Almost for Free: Crafting Adversarial Examples with Convolutional Image Filters
This work provides a computationally efficient and transferable attack for deceiving neural networks, highlighting their vulnerability to simple perturbations.
The authors propose a simple method to craft adversarial examples using convolutional image filters based on edge detection, achieving 30-80% success rates on neural networks with 3x3 filters and reducing parameters by five orders of magnitude compared to generative models.
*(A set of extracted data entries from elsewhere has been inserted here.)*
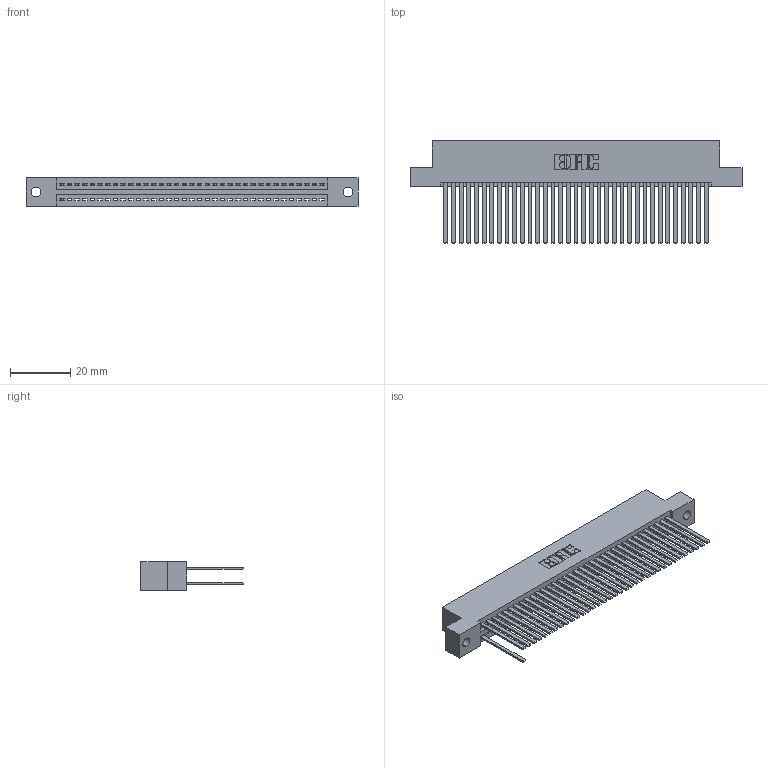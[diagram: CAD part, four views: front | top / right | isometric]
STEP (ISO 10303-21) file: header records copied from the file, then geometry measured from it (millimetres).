
FILE_DESCRIPTION (( 'STEP AP203' ), '1' );
FILE_NAME ('395-070-544-202.STEP', '2018-11-26T22:47:10', ( '' ), ( '' ), 'SwSTEP 2.0', 'SolidWorks 2016', '' );
FILE_SCHEMA (( 'CONFIG_CONTROL_DESIGN' ));
Length unit declared in the file: inch
Products named in the file (3): 345 Part_Flush Mounting Lugs - 0.128 Dia; 345-292-001_345-293-144; 395-070-544-202
Assembly tree (37 placements, depth 2):
  395-070-544-202
    345 Part_Flush Mounting Lugs - 0.128 Dia
    345-292-001_345-293-144  x36
Bounding box: 110.11 x 33.96 x 9.4 mm (x, y, z)
Volume: 10792.6 mm3; surface area: 15288.2 mm2
Topology: 37 solids, 37 shells, 1982 faces, 5975 edges, 3934 vertices
Faces by surface type: plane 1362, cylinder 620
Entity records: 27135 total; most frequent: CARTESIAN_POINT 4702, ORIENTED_EDGE 4670, DIRECTION 4115, EDGE_CURVE 2335, VECTOR 2067, LINE 2067, VERTEX_POINT 1554, AXIS2_PLACEMENT_3D 1024

Adversarial examples in machine learning are typically generated using gradients, obtained either directly through access to the model or approximated via queries to it. In this paper, we propose a much simpler approach to craft adversarial examples, drawing inspiration from insights of explainable machine learning. In particular, we design \emph{adversarial image filters} that are based on classic edge detection algorithms but optimized to deceive learning models. The resulting untargeted attacks are transferable and require only a single pass over the input. Empirically, we find that 3x3 filters already enable success rates between 30% and 80% on different neural networks. Compared to related approaches using generative models for crafting adversarial examples, we reduce the number of parameters by five orders of magnitude, resulting in a very efficient attack. When investigating the parameters of the learned filters, we observe interesting properties such as a high transferability between models and structures common to classic image filters. Our results provide further insights into the vulnerability of neural networks and their fragility to malicious noise.